→ **Stored items from a collection**
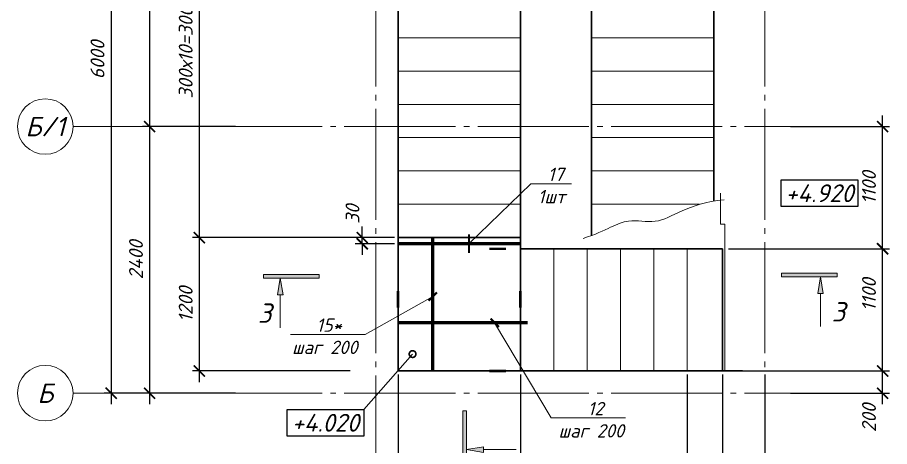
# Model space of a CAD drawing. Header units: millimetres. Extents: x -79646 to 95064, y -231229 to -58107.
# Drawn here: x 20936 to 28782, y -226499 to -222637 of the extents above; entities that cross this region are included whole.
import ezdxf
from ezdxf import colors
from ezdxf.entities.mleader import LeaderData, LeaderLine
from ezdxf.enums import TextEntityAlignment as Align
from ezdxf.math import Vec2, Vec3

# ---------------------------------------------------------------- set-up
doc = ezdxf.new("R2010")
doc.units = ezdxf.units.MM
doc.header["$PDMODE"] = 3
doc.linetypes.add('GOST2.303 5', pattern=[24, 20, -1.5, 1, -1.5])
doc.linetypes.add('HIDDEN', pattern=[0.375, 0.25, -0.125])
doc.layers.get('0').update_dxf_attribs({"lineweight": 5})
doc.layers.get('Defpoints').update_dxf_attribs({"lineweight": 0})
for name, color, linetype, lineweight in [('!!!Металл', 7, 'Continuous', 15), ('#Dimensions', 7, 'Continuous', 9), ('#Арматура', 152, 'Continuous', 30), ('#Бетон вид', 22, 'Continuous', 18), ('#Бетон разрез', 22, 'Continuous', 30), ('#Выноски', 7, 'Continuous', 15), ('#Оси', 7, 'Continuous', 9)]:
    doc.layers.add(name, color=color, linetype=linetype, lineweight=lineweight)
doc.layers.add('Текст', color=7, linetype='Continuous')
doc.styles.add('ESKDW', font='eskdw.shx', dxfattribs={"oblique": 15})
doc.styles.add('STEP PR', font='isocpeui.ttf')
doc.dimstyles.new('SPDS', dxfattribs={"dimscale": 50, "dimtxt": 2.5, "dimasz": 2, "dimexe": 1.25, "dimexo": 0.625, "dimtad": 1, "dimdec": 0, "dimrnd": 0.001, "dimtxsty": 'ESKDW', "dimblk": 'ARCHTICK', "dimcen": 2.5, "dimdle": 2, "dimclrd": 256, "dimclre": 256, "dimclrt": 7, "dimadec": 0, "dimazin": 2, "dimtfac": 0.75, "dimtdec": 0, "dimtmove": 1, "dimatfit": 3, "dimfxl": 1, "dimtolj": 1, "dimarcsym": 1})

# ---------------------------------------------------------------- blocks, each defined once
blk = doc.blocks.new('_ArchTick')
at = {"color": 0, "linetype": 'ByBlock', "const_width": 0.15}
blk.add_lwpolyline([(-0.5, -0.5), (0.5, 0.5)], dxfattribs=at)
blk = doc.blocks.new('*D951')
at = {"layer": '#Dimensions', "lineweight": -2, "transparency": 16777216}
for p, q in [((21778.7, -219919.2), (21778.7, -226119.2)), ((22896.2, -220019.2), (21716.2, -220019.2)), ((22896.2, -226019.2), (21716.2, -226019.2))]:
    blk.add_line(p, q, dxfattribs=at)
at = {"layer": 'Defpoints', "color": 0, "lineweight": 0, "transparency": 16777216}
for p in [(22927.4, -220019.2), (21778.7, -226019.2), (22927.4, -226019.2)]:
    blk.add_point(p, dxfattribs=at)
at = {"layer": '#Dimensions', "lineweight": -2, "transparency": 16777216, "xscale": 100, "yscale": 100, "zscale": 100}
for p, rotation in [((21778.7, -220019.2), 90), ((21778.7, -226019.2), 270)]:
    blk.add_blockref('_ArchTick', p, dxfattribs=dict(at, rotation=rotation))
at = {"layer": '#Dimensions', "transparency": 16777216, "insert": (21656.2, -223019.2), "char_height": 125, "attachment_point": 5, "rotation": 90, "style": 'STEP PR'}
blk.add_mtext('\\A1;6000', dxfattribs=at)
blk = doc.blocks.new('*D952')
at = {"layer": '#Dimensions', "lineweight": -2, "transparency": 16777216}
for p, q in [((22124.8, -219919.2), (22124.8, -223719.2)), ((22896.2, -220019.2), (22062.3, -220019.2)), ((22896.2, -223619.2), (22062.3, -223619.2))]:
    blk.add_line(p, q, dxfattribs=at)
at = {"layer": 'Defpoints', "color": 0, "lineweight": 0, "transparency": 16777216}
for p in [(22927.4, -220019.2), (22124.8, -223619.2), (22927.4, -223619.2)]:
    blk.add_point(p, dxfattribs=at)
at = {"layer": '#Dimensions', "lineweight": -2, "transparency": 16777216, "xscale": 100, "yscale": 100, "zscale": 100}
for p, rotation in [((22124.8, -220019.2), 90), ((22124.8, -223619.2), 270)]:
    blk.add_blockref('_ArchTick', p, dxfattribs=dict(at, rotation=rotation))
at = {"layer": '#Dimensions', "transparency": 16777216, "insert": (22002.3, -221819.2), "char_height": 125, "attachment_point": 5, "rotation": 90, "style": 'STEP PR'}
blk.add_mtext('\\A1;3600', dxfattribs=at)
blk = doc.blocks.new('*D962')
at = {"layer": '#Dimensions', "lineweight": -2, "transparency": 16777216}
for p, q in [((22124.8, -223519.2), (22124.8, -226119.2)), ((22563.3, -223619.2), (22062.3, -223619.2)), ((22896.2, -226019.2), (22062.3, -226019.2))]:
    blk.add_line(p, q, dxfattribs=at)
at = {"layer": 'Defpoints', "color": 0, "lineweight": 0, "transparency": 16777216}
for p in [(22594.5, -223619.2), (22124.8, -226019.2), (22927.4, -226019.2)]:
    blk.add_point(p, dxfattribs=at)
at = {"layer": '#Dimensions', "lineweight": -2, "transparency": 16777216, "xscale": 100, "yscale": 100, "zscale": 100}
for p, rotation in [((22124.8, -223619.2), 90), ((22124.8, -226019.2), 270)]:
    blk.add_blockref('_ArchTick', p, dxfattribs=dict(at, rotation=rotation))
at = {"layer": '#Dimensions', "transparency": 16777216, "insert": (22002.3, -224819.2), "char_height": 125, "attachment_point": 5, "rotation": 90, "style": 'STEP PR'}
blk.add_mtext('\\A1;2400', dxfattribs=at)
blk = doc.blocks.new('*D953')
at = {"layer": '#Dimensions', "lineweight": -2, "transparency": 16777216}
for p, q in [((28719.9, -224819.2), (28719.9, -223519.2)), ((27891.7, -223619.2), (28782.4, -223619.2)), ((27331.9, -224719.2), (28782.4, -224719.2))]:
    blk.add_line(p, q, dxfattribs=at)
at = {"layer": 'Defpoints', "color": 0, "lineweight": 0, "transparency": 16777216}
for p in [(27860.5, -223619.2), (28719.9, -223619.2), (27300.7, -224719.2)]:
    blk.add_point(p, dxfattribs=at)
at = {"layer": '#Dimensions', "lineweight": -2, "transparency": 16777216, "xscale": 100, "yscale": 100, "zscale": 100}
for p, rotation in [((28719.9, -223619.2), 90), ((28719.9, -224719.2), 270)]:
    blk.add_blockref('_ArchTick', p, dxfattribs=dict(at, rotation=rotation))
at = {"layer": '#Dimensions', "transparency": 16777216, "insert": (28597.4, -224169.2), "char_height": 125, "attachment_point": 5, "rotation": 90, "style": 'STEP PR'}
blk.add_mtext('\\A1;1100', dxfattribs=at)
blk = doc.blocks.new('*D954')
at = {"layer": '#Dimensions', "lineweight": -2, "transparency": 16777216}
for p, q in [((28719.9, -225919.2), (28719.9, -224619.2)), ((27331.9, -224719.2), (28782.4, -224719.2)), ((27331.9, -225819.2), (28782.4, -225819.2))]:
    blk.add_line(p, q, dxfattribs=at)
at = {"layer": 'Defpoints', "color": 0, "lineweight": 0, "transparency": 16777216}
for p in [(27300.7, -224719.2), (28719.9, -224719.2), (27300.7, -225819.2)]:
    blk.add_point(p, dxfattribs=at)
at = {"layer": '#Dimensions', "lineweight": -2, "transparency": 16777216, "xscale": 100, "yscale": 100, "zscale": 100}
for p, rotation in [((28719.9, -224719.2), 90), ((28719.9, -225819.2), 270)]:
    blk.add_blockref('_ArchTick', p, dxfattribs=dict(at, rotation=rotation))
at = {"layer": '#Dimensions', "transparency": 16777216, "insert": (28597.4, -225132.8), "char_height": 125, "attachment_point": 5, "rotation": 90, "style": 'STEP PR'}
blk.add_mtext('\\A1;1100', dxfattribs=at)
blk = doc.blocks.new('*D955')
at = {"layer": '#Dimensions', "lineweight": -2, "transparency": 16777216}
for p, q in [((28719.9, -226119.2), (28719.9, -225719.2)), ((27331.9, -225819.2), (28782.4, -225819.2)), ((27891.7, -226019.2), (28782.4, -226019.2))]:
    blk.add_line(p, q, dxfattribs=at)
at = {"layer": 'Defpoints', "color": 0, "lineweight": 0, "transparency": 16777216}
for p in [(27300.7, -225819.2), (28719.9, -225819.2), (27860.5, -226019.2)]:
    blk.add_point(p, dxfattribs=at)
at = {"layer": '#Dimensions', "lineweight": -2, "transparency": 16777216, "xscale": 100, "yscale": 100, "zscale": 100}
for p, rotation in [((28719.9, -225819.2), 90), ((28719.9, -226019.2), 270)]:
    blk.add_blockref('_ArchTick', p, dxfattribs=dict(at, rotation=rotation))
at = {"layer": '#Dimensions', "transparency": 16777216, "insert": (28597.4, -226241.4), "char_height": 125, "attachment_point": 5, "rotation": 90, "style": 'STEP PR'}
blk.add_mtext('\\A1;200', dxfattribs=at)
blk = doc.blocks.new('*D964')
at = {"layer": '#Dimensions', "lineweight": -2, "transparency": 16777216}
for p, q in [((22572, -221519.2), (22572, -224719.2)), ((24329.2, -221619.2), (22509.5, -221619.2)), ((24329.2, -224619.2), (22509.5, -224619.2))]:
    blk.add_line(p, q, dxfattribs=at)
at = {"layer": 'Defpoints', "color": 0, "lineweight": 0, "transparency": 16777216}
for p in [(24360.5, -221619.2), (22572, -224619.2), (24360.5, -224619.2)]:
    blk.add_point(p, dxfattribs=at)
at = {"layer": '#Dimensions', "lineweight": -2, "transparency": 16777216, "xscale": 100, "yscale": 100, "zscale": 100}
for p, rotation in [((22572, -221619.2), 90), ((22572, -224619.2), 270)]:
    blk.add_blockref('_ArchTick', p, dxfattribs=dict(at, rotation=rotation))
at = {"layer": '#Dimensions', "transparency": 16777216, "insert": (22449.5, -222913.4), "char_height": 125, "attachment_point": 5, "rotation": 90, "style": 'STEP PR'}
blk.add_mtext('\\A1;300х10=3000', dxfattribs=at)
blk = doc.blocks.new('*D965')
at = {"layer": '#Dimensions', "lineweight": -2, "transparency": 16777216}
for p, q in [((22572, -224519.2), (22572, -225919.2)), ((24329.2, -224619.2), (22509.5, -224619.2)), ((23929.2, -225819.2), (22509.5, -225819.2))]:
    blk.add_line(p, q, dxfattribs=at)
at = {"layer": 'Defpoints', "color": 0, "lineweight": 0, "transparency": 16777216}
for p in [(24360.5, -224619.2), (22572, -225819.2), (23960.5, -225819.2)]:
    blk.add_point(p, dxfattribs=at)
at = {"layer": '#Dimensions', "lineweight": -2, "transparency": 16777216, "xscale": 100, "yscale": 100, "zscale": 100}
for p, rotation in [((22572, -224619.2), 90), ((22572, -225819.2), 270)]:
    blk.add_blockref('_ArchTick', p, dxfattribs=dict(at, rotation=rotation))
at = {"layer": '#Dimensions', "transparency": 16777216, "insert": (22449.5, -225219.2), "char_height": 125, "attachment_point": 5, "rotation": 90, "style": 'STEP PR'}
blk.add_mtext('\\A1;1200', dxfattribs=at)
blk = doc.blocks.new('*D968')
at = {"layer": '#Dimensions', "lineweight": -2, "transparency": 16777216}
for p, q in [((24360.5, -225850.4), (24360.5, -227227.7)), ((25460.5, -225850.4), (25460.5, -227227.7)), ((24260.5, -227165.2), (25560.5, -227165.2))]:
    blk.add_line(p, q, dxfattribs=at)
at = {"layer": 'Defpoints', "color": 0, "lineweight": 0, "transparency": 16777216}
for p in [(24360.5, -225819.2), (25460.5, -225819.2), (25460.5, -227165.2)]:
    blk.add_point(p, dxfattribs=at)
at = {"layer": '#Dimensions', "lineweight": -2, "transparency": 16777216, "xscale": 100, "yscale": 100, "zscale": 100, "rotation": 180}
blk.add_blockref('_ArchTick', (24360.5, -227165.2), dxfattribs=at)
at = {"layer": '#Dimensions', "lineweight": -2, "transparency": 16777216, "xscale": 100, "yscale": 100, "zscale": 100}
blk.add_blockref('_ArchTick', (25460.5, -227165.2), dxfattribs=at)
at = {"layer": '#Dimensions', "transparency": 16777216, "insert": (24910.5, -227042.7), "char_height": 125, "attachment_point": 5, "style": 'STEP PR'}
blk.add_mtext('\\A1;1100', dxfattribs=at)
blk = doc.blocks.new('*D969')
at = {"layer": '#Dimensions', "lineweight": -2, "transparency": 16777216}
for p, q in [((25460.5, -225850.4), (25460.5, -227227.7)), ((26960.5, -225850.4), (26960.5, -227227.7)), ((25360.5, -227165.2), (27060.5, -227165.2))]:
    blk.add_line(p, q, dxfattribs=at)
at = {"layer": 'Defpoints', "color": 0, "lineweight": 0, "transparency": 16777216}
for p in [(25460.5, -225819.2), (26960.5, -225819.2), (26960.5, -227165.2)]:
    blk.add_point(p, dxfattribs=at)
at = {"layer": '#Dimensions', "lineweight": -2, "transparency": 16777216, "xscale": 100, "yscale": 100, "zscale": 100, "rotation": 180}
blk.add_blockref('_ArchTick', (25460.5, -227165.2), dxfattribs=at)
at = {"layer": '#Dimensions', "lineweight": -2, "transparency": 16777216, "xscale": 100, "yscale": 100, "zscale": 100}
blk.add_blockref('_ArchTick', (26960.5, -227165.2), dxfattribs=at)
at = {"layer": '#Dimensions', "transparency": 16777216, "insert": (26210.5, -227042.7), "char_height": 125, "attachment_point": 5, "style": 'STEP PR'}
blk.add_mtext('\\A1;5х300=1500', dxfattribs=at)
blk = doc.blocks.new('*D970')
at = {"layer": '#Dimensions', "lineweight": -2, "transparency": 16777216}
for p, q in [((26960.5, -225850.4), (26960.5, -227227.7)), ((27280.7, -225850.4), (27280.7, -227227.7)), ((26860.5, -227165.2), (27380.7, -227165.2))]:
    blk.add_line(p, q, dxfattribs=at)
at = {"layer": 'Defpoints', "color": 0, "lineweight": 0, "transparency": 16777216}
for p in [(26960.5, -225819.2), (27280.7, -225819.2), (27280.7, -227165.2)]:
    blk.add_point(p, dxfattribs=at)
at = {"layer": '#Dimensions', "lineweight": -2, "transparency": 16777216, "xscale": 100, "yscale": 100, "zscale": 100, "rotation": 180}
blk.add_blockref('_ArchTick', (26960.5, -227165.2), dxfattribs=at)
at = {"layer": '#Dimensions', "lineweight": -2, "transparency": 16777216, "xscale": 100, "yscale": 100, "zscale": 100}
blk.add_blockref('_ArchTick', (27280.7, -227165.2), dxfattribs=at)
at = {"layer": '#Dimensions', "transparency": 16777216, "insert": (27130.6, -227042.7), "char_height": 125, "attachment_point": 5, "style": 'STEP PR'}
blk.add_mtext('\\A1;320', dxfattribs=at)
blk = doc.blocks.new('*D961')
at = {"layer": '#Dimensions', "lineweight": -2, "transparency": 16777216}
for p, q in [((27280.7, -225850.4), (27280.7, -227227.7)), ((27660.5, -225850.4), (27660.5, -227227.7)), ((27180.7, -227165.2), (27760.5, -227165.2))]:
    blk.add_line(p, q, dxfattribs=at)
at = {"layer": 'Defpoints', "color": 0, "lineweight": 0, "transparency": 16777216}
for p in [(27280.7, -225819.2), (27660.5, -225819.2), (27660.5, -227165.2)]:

→ **What to do**
Find and copy every line in the entries above where the string "Continuous" occurs.

→ **Answer for the task**
for name, color, linetype, lineweight in [('!!!Металл', 7, 'Continuous', 15), ('#Dimensions', 7, 'Continuous', 9), ('#Арматура', 152, 'Continuous', 30), ('#Бетон вид', 22, 'Continuous', 18), ('#Бетон разрез', 22, 'Continuous', 30), ('#Выноски', 7, 'Continuous', 15), ('#Оси', 7, 'Continuous', 9)]:
doc.layers.add('Текст', color=7, linetype='Continuous')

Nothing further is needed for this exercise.